-------- Source data

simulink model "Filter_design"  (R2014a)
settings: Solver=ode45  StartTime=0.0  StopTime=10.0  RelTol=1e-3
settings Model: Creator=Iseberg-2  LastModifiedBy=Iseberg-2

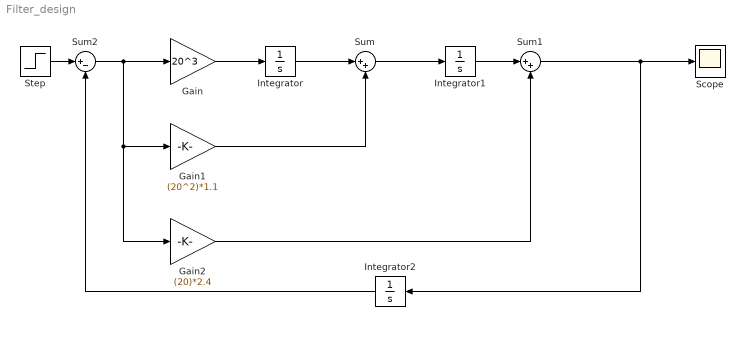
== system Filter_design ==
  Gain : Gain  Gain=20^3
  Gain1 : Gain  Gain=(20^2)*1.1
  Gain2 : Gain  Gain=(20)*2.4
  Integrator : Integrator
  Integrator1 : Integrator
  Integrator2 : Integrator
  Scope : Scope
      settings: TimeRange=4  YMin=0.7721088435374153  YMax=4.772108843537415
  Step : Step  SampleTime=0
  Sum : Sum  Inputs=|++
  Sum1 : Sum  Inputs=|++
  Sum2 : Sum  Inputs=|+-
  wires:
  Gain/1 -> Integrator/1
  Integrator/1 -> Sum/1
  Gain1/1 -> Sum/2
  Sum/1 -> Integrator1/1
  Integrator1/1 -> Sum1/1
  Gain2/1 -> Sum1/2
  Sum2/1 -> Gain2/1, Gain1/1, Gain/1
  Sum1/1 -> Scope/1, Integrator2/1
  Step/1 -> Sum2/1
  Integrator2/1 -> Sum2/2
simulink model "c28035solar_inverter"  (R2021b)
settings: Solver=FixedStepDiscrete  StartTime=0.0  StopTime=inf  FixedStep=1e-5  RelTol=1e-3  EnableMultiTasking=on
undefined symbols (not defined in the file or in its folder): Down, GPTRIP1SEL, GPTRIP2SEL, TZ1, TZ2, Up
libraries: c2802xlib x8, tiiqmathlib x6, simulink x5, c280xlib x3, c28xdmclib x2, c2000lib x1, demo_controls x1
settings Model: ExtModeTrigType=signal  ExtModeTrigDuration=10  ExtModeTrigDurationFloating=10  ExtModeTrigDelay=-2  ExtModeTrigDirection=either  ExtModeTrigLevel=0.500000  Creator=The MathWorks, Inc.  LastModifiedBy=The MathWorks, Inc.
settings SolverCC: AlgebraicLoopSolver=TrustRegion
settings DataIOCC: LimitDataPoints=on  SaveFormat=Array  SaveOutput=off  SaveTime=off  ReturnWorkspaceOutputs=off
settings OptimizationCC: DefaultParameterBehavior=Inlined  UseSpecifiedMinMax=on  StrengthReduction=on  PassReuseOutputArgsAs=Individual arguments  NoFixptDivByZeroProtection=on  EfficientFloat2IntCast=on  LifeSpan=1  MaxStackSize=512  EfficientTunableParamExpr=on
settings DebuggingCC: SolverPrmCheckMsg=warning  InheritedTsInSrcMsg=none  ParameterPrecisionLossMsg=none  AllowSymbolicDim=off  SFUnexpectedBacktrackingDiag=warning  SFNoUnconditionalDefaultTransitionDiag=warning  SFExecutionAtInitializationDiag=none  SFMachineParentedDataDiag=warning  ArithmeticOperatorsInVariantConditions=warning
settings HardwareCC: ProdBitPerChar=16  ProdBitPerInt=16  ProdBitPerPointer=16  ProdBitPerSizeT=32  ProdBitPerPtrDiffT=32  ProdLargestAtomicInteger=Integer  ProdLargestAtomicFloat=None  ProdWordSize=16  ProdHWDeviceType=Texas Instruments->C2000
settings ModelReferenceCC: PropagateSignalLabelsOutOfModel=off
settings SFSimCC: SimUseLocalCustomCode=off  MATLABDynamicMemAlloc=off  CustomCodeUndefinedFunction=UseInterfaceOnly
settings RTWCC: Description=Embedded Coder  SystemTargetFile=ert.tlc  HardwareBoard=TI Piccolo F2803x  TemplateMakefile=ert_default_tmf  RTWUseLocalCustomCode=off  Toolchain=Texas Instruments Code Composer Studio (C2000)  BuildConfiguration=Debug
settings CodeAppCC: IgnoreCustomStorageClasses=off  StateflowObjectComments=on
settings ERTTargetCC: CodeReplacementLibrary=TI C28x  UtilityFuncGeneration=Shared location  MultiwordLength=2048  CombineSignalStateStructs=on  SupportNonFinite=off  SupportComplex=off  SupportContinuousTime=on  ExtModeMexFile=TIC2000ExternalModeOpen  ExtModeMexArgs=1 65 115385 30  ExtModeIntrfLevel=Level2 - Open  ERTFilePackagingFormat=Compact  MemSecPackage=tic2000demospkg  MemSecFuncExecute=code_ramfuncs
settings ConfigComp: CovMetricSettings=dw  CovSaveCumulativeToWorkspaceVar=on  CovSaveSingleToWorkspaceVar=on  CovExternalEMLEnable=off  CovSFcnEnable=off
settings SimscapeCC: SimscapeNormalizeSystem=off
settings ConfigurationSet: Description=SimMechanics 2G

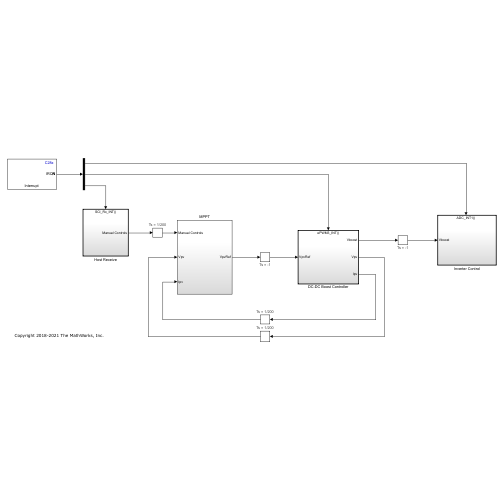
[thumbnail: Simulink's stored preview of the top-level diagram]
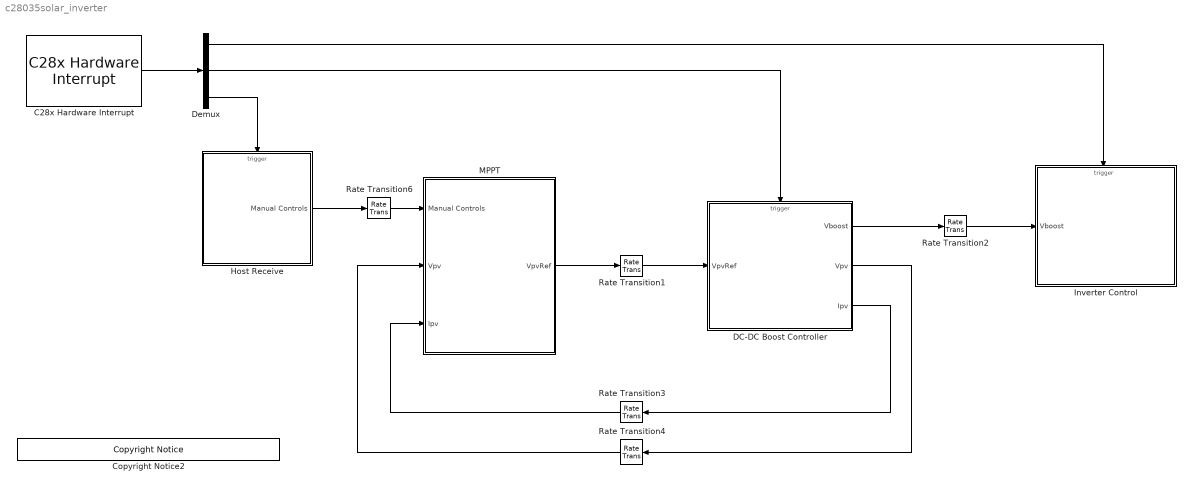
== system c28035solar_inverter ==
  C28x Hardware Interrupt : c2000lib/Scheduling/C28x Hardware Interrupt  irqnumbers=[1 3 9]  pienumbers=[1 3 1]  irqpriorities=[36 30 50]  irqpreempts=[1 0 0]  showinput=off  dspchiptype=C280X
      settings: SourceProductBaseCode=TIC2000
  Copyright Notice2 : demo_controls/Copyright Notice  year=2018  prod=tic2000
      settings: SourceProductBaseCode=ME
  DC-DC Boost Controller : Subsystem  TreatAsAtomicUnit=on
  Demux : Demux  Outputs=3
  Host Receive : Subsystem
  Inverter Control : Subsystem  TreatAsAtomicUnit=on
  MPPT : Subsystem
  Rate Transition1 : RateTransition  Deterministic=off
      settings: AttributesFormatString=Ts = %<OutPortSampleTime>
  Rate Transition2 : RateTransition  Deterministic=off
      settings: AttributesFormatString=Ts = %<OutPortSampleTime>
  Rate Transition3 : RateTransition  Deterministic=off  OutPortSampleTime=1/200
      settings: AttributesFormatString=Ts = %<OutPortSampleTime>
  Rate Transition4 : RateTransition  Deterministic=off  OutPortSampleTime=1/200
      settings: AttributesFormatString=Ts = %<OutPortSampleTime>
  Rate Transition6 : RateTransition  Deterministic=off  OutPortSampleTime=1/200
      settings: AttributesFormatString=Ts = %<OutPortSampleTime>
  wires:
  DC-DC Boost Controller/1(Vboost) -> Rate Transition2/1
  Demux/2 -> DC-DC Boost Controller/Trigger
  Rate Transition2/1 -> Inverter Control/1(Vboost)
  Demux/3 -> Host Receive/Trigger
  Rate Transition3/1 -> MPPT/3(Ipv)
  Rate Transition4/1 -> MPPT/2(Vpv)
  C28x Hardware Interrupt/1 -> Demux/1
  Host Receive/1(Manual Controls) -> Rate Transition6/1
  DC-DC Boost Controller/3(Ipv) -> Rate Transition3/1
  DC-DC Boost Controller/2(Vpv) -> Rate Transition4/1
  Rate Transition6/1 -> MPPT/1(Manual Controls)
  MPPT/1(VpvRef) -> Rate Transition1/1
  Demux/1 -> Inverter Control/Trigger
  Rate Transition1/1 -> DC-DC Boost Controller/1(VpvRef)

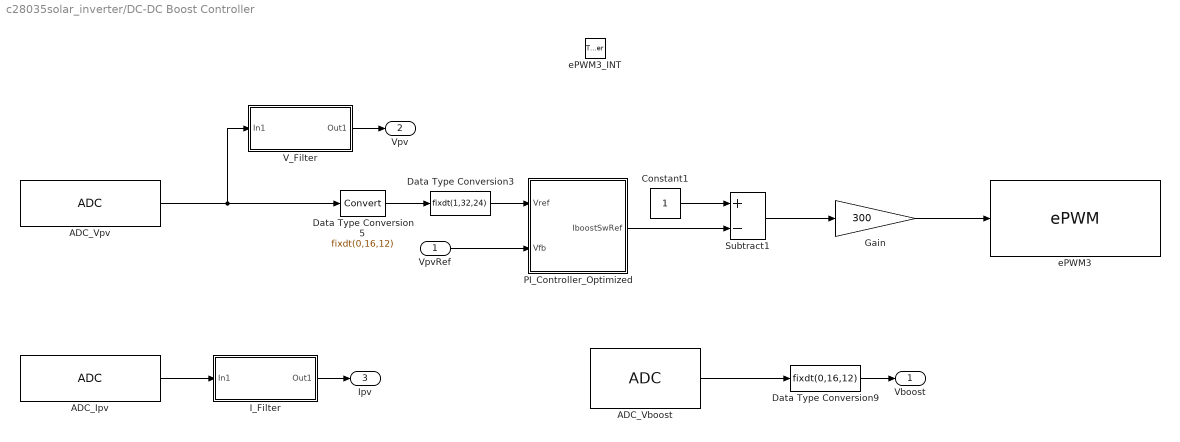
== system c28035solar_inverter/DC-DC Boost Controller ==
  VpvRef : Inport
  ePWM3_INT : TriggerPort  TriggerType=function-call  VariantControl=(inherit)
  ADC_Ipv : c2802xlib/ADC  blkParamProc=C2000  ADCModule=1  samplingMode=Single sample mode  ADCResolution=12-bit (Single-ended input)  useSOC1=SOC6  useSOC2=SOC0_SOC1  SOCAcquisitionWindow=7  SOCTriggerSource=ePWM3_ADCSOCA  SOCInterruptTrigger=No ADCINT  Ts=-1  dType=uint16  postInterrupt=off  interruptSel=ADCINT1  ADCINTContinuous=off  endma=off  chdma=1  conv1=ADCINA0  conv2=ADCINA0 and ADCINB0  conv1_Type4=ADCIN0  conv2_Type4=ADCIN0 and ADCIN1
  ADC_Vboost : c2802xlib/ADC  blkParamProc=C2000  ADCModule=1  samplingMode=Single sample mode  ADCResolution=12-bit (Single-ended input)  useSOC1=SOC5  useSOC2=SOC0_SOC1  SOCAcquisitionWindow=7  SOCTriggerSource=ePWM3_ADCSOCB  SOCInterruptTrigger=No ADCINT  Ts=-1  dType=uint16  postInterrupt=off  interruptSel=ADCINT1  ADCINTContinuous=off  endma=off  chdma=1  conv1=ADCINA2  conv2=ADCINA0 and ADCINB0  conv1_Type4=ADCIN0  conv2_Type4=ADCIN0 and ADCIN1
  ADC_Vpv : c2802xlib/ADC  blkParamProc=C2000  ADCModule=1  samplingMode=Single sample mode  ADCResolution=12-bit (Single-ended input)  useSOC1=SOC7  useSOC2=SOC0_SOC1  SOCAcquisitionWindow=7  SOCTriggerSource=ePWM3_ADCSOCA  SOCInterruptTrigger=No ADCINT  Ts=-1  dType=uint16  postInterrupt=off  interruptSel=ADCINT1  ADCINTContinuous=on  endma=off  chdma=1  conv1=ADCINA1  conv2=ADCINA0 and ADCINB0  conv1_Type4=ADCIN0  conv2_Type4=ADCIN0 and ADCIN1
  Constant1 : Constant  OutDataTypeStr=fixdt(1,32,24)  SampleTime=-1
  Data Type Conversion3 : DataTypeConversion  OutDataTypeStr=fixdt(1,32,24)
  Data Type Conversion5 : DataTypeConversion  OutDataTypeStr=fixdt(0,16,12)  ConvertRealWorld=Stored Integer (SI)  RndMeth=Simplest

----------------

Copy verbatim, from the listing above, each line from the one containing "MPPT : Subsystem" down to the one containing "DC-DC Boost Controller/1(Vboost)", inclusive.

→ Response to the task
  MPPT : Subsystem
  Rate Transition1 : RateTransition  Deterministic=off
      settings: AttributesFormatString=Ts = %<OutPortSampleTime>
  Rate Transition2 : RateTransition  Deterministic=off
      settings: AttributesFormatString=Ts = %<OutPortSampleTime>
  Rate Transition3 : RateTransition  Deterministic=off  OutPortSampleTime=1/200
      settings: AttributesFormatString=Ts = %<OutPortSampleTime>
  Rate Transition4 : RateTransition  Deterministic=off  OutPortSampleTime=1/200
      settings: AttributesFormatString=Ts = %<OutPortSampleTime>
  Rate Transition6 : RateTransition  Deterministic=off  OutPortSampleTime=1/200
      settings: AttributesFormatString=Ts = %<OutPortSampleTime>
  wires:
  DC-DC Boost Controller/1(Vboost) -> Rate Transition2/1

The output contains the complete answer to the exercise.